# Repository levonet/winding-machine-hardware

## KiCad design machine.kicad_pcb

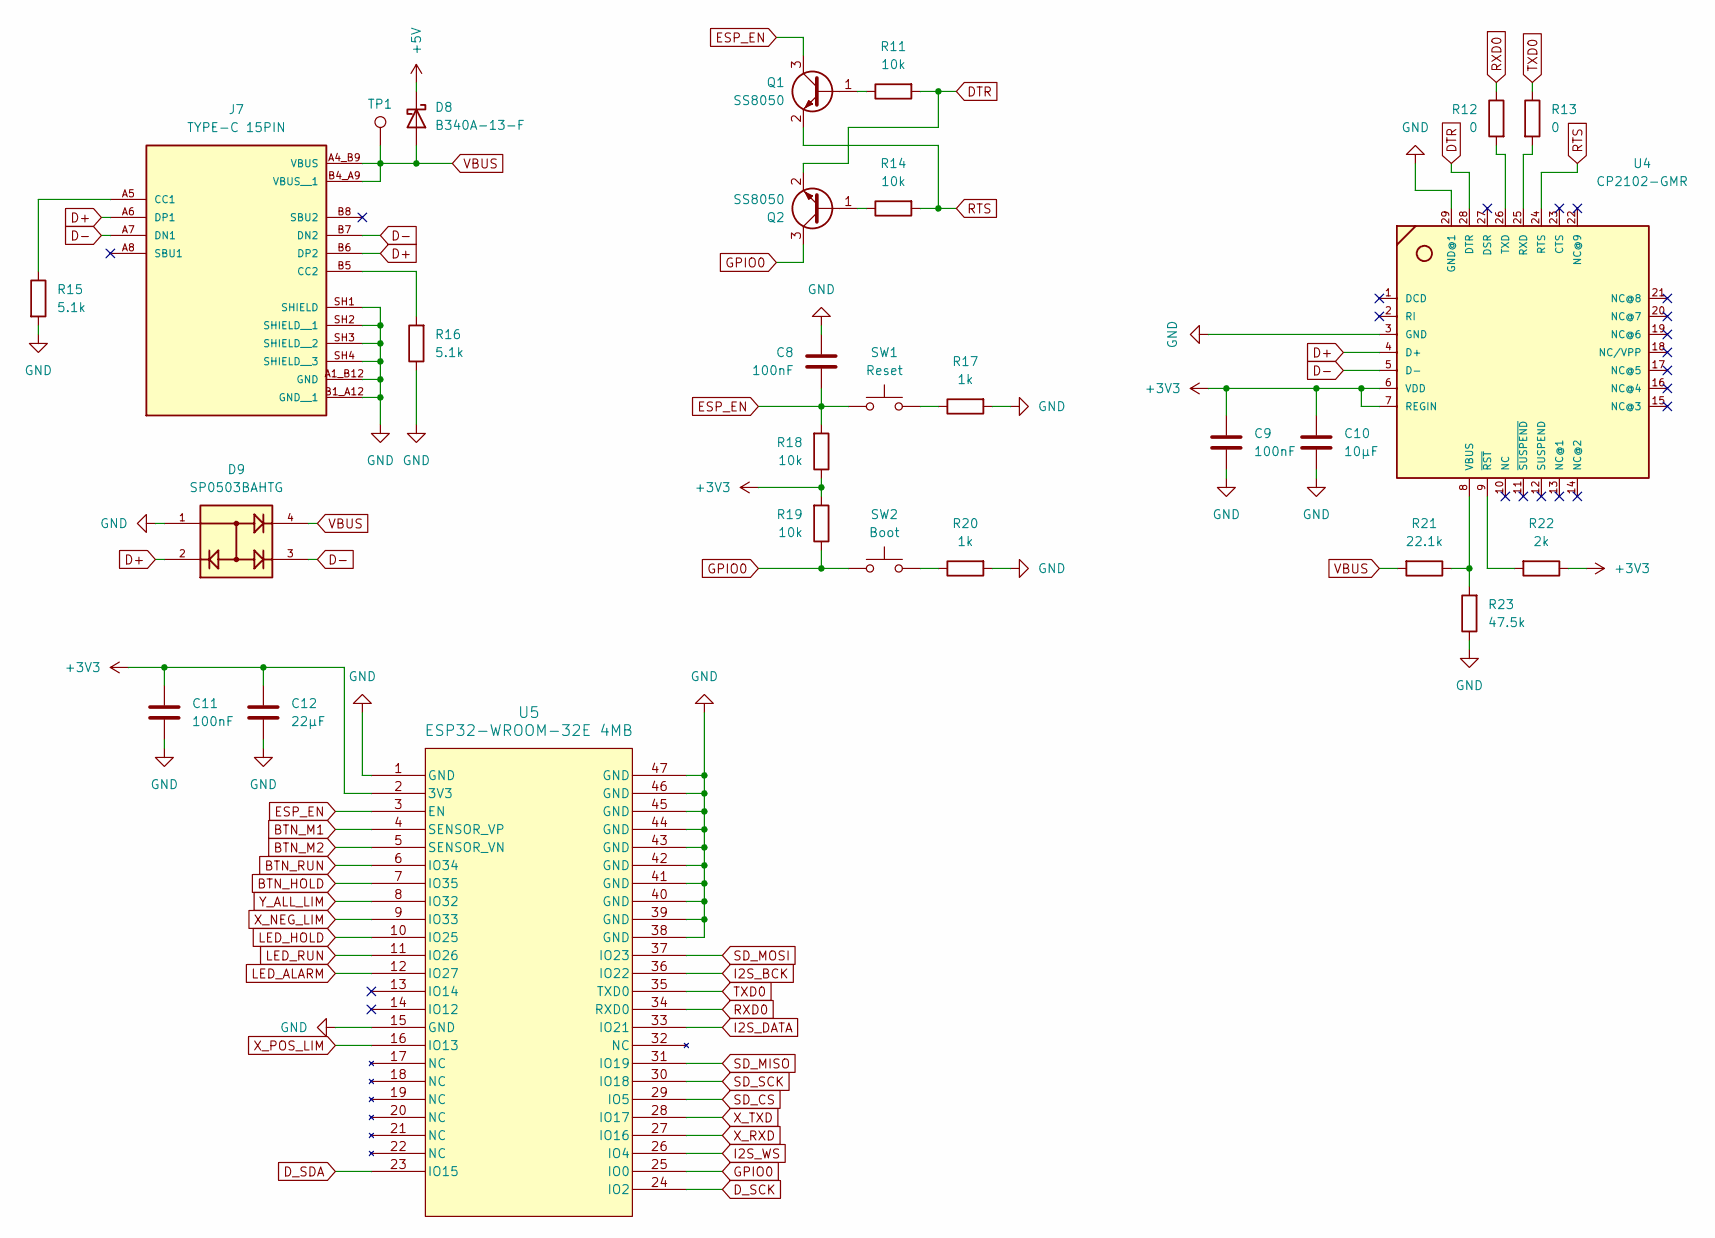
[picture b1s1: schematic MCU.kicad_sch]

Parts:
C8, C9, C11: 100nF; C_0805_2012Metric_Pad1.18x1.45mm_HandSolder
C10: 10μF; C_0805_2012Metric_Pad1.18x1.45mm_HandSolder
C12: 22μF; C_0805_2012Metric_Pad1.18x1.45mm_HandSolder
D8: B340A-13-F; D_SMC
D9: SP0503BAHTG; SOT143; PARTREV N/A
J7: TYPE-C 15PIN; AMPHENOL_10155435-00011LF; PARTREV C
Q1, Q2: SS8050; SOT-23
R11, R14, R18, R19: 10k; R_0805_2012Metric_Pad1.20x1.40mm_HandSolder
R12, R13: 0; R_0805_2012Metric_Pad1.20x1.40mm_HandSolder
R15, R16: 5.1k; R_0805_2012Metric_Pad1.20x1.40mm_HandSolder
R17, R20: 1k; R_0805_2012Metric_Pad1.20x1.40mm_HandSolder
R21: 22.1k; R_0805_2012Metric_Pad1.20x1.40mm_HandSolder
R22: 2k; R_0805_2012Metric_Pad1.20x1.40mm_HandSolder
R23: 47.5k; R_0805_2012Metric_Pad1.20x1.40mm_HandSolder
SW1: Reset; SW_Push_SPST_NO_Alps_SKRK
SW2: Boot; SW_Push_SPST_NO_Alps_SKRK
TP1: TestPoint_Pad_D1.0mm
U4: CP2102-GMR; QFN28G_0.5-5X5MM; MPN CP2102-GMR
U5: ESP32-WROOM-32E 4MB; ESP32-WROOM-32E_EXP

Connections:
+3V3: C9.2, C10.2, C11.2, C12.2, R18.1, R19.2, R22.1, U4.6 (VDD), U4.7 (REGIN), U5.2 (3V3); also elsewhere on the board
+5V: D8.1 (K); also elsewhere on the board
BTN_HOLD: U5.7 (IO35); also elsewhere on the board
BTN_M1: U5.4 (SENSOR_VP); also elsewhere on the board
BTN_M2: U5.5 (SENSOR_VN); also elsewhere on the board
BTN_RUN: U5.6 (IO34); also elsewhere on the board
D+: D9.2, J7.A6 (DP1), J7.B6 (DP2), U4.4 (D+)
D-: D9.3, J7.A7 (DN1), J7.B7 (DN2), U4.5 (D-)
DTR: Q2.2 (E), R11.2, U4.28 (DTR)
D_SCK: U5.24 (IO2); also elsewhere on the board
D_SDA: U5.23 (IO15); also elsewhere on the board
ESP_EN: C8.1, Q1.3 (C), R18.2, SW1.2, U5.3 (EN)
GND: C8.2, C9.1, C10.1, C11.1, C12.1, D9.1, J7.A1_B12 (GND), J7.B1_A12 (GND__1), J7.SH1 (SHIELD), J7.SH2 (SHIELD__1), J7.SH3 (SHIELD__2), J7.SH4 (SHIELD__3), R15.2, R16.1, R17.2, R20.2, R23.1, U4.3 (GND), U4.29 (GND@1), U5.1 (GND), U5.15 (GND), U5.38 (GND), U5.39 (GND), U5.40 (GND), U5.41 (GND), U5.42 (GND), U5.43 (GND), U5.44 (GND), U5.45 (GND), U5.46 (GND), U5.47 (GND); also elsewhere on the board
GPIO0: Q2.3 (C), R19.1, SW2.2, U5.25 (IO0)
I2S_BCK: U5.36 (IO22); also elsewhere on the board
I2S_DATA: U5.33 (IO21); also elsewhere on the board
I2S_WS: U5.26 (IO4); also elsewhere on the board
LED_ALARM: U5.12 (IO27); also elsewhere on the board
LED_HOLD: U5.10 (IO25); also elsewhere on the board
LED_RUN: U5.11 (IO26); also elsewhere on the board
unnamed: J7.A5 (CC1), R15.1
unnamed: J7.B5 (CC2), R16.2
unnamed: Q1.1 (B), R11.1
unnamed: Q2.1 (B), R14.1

** WORK REQUEST **
Everything from the line with "LED_ALARM: U5.12 (IO27);" to the end of the listing above is to be set down exactly, both ends included.

** TASK RESULT **
LED_ALARM: U5.12 (IO27); also elsewhere on the board
LED_HOLD: U5.10 (IO25); also elsewhere on the board
LED_RUN: U5.11 (IO26); also elsewhere on the board
unnamed: J7.A5 (CC1), R15.1
unnamed: J7.B5 (CC2), R16.2
unnamed: Q1.1 (B), R11.1
unnamed: Q2.1 (B), R14.1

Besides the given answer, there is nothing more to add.